Friday, January 16, 2009

New-trition

Just over a year ago I wrote a long post about nutrition that was probably the most popular / widely-read thing I've ever written.  Since then I've continued to read and learn a bit and I have a few additional thoughts to add.  Most of this is focused a bit more on the general / non-athletic population but it dovetails a bit with some of the athlete-focused stuff.

My biggest learning is that fat isn't bad for you, at least not to the degree to which it has been vilified since the 1970s.  In fact, high-glycemic carbohydrates are the likely cause of metabolic syndrome (the related conditions of obesity, diabetes, heart disease; as well as stroke) and likely contribute to other "diseases of western civilization" like most cancers.  The big turning point in my knowledge was Taubes (see below) but Cordain helped grease the wheels.

The party line about high-fat, high-cholesterol diets causing heart disease was incorrect.  Taubes calls this theory the "lipid hypothesis" for metabolic syndrome and he makes a very convincing case that this hypothesis is incorrect.  As an alternative he provides his "carbohydrate hypothesis" and backs it up with a dizzying number of research citations.  A high-glycemic diet combined with inactivity leads to insulin resistance in your tissues (mostly in the slow-twitch muscle fibers, according to Thompson) which leads to chronically high insulin which in turn causes your body to put on weight.  You may eventually become diabetic, too, if your pancreas can't secrete enough insulin to overcome the increasing resistance of your tissues.

Note that my general practitioner (sports medicine doc Bob Adams) and my triathlon coach (Matt Dixon) support eating the high-glycemic stuff during and immediately following exercise but recommend minimally-processed, low-glycemic stuff the rest of the day.  Matt advises that you think of Fueling (during & post-exercise) and Nutrition (the rest) as separate activities.  Taubes doesn't say much about exercise so this doesn't necessarily contradict his findings.

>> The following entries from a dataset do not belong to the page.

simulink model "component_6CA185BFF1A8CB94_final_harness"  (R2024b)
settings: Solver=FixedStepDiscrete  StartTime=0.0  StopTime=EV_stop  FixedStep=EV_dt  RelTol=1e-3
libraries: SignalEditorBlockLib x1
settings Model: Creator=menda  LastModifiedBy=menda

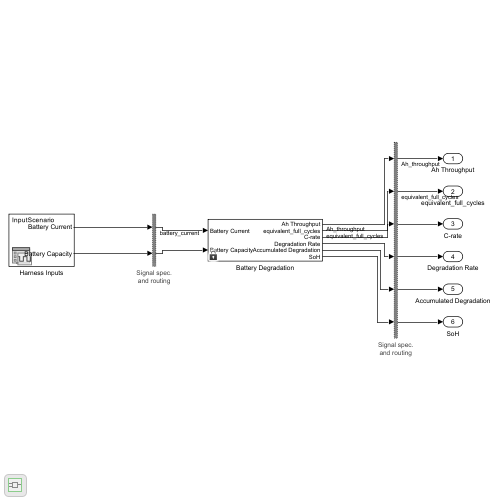
[thumbnail: Simulink's stored preview of the top-level diagram]
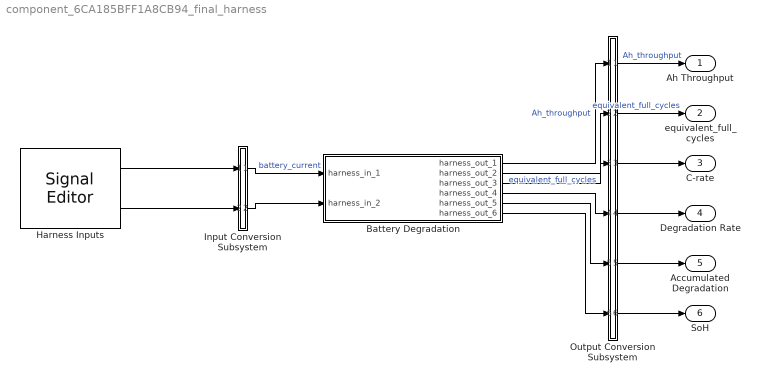
== system component_6CA185BFF1A8CB94_final_harness ==
  Battery Degradation : Subsystem  Tag=__SL_testing_harness_stub_
  Harness Inputs : SignalEditorBlockLib/Signal Editor  FileName=C:\Users\menda\OneDrive\Documentos\HackatonSAE\slprj\mbd_agent\test\EV_Backward_Baseline\component_6CA185BFF1A8CB94_final_harness_HarnessInputs.mat  ActiveScenario=InputScenario  ActiveSignal=Battery Capacity  IsBus=off  OutputBusObjectStr=Bus: BusObject  SampleTime=0  Interpolate=off  ZeroCross=off  OutputAfterFinalValue=Setting to zero  Unit=inherit  PreserveSignalName=on  ApplySigPropsToAllScenarios=on  ApplySigPropsToAllSignals=off
  Input Conversion Subsystem : Subsystem  Tag=__SLT_ICS__  Description=|
      | Signal spec.
      | and routing
      settings: AttributesFormatString=%<Description>
  Output Conversion Subsystem : Subsystem  Tag=__SLT_OCS__  Description=|
      | Signal spec.
      | and routing
      settings: AttributesFormatString=%<Description>
  Ah Throughput : Outport
  equivalent_full_cycles : Outport  Port=2
  C-rate : Outport  Port=3
  Degradation Rate : Outport  Port=4
  Accumulated Degradation : Outport  Port=5
  SoH : Outport  Port=6
  wires:
  Harness Inputs/1 -> Input Conversion Subsystem/1(Inport_1)
  Harness Inputs/2 -> Input Conversion Subsystem/2(Inport_2)
  Output Conversion Subsystem/1(Outport_1) -> Ah Throughput/1  "Ah_throughput"
  Output Conversion Subsystem/2(Outport_2) -> equivalent_full_cycles/1  "equivalent_full_cycles"
  Output Conversion Subsystem/3(Outport_3) -> C-rate/1
  Output Conversion Subsystem/4(Outport_4) -> Degradation Rate/1
  Output Conversion Subsystem/5(Outport_5) -> Accumulated Degradation/1
  Output Conversion Subsystem/6(Outport_6) -> SoH/1
  Input Conversion Subsystem/1(Outport_1) -> Battery Degradation/1(harness_in_1)  "battery_current"
  Input Conversion Subsystem/2(Outport_2) -> Battery Degradation/2(harness_in_2)
  Battery Degradation/1(harness_out_1) -> Output Conversion Subsystem/1(Inport_1)  "Ah_throughput"
  Battery Degradation/2(harness_out_2) -> Output Conversion Subsystem/2(Inport_2)  "equivalent_full_cycles"
  Battery Degradation/3(harness_out_3) -> Output Conversion Subsystem/3(Inport_3)
  Battery Degradation/4(harness_out_4) -> Output Conversion Subsystem/4(Inport_4)
  Battery Degradation/5(harness_out_5) -> Output Conversion Subsystem/5(Inport_5)
  Battery Degradation/6(harness_out_6) -> Output Conversion Subsystem/6(Inport_6)

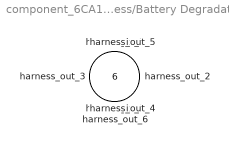
== system component_6CA185BFF1A8CB94_final_harness/Battery Degradation ==
  harness_in_1 : Inport
  harness_in_2 : Inport  Port=2
  harness_out_1 : Outport
  harness_out_2 : Outport  Port=2
  harness_out_3 : Outport  Port=3
  harness_out_4 : Outport  Port=4
  harness_out_5 : Outport  Port=5
  harness_out_6 : Outport  Port=6

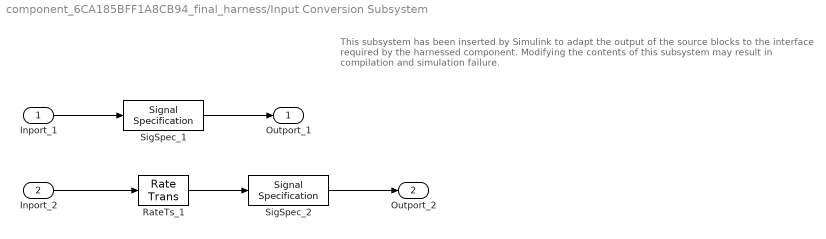
== system component_6CA185BFF1A8CB94_final_harness/Input Conversion Subsystem ==
  note: This subsystem has been inserted by Simulink to adapt the output of the source blocks to the interface required by the harnessed component.
      |  Modifying the contents of this subsystem may result in compilation and simulation failure.
  Inport_1 : Inport
  Inport_2 : Inport  Port=2
  RateTs_1 : RateTransition  OutPortSampleTime=[-1, 0]
  SigSpec_1 : SignalSpecification  OutDataTypeStr=double  Dimensions=[1]  SampleTime=0.1
  SigSpec_2 : SignalSpecification  OutDataTypeStr=double  Dimensions=[1]  SampleTime=[-1, 0]
  Outport_1 : Outport
  Outport_2 : Outport  Port=2
  wires:
  SigSpec_1/1 -> Outport_1/1
  Inport_1/1 -> SigSpec_1/1
  SigSpec_2/1 -> Outport_2/1
  RateTs_1/1 -> SigSpec_2/1
  Inport_2/1 -> RateTs_1/1

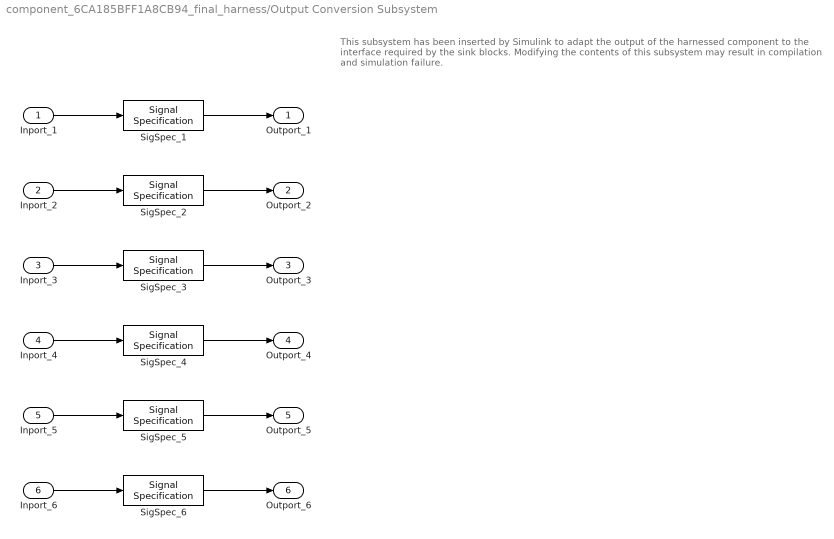
== system component_6CA185BFF1A8CB94_final_harness/Output Conversion Subsystem ==
  note: This subsystem has been inserted by Simulink to adapt the output of the harnessed component to the interface required by the sink blocks.
      |  Modifying the contents of this subsystem may result in compilation and simulation failure.
  Inport_1 : Inport
  Inport_2 : Inport  Port=2
  Inport_3 : Inport  Port=3
  Inport_4 : Inport  Port=4
  Inport_5 : Inport  Port=5
  Inport_6 : Inport  Port=6
  SigSpec_{1..6} (6 alike) : SignalSpecification  OutDataTypeStr=double  Dimensions=[1]  SampleTime=0.1
  Outport_1 : Outport
  Outport_2 : Outport  Port=2
  Outport_3 : Outport  Port=3
  Outport_4 : Outport  Port=4
  Outport_5 : Outport  Port=5
  Outport_6 : Outport  Port=6
  wires:
  Inport_1/1 -> SigSpec_1/1
  SigSpec_1/1 -> Outport_1/1
  Inport_2/1 -> SigSpec_2/1
  SigSpec_2/1 -> Outport_2/1
  Inport_3/1 -> SigSpec_3/1
  SigSpec_3/1 -> Outport_3/1
  Inport_4/1 -> SigSpec_4/1
  SigSpec_4/1 -> Outport_4/1
  Inport_5/1 -> SigSpec_5/1
  SigSpec_5/1 -> Outport_5/1
  Inport_6/1 -> SigSpec_6/1
  SigSpec_6/1 -> Outport_6/1

I want to go into a lot more detail on all of this but I don't want to bury you under a 10-page blog post so I'll break it up a little.  If you're eager to learn more, here is some recommended reading:

  • My Microsoft HealthVault colleage Keith Toussaint recommended Good Calories, Bad Calories: Fats, Carbs, and the Controversial Science of Diet and Health by Gary Taubes. It is rather extensive, dense, scholarly… I started reading it before I went to Boulder last July and I don't think that I finished it until October.  The book is 600 pages long but 150 of those are research citations so there are about 450 pages of prose to wade through.  But it can be rather slow reading and is hard to read in short spurts.  Keith blasted through it in a week -- he's even more into nutrition than I am!
  • Two lighter ones are The Glycemic-Load Diet: A powerful new program for losing weight and reversing insulin resistance by Dr Rob Thompson of Seattle and The Holford Low GL Diet: Lose Fat Fast Using the Revolutionary Fatburner System by Patrick Holford of Australia.  Both of these are more consumer-friendly than Taubes while touching on some of the same principles.  Each is written as more of a consumer "Diet Book" which can be a bit of a turn-off, but there is some intriguing info in there which generally agrees with Taubes.  You won't find as much clinical justification in these pages, but you'll get through 'em a lot faster.
  • As I've said before, I really liked The Paleo Diet for Athletes: A Nutritional Formula for Peak Athletic Performance by Loren Cordain and Joe Friel. The central point of "paleo" is to eat foods that have been available to humans for thousands of years and to avoid foods that were invented recently.  The rationale is that it takes time for our bodies to adapt to different foods and that we haven't adapted to tolerate refined carbohydrates very well.  The "for athletes" modification says that the high glycemic stuff is great during and immediately following exercise but should be avoided at other times.  This is right inline with what my coach Matt Dixon teaches his clients.
  • The Omnivore's Dilemma: A Natural History of Four Meals by Michael Pollan is a step away from all of this but still a fascinating read for somewhat different reasons. Pollan traces three food chains from source to table and the reader learns a lot along the way.  The corn-based food chain creates most of what we eat in the US today. Factory farms (which can be conventional or organic) grow monocultures of crops using truckloads of fertilizers and pest control, resulting in a rather high fossil fuel energy cost for each unit of food energy produced.  The "pastoral" or grass-based food chain was demonstrated via Joel Salatin's Polyface Farms in Virginia.  You really have to read that chunk of the book or a bit of their web site to really grok the awesome-ness of what they're doing.  In the final chunk of the book Pollan explores the hunter-gatherer food chain.  He looks at the environmental impact, health, and taste/enjoyment of meals from each of the three food chains.  A fascinating read which I highly recommend.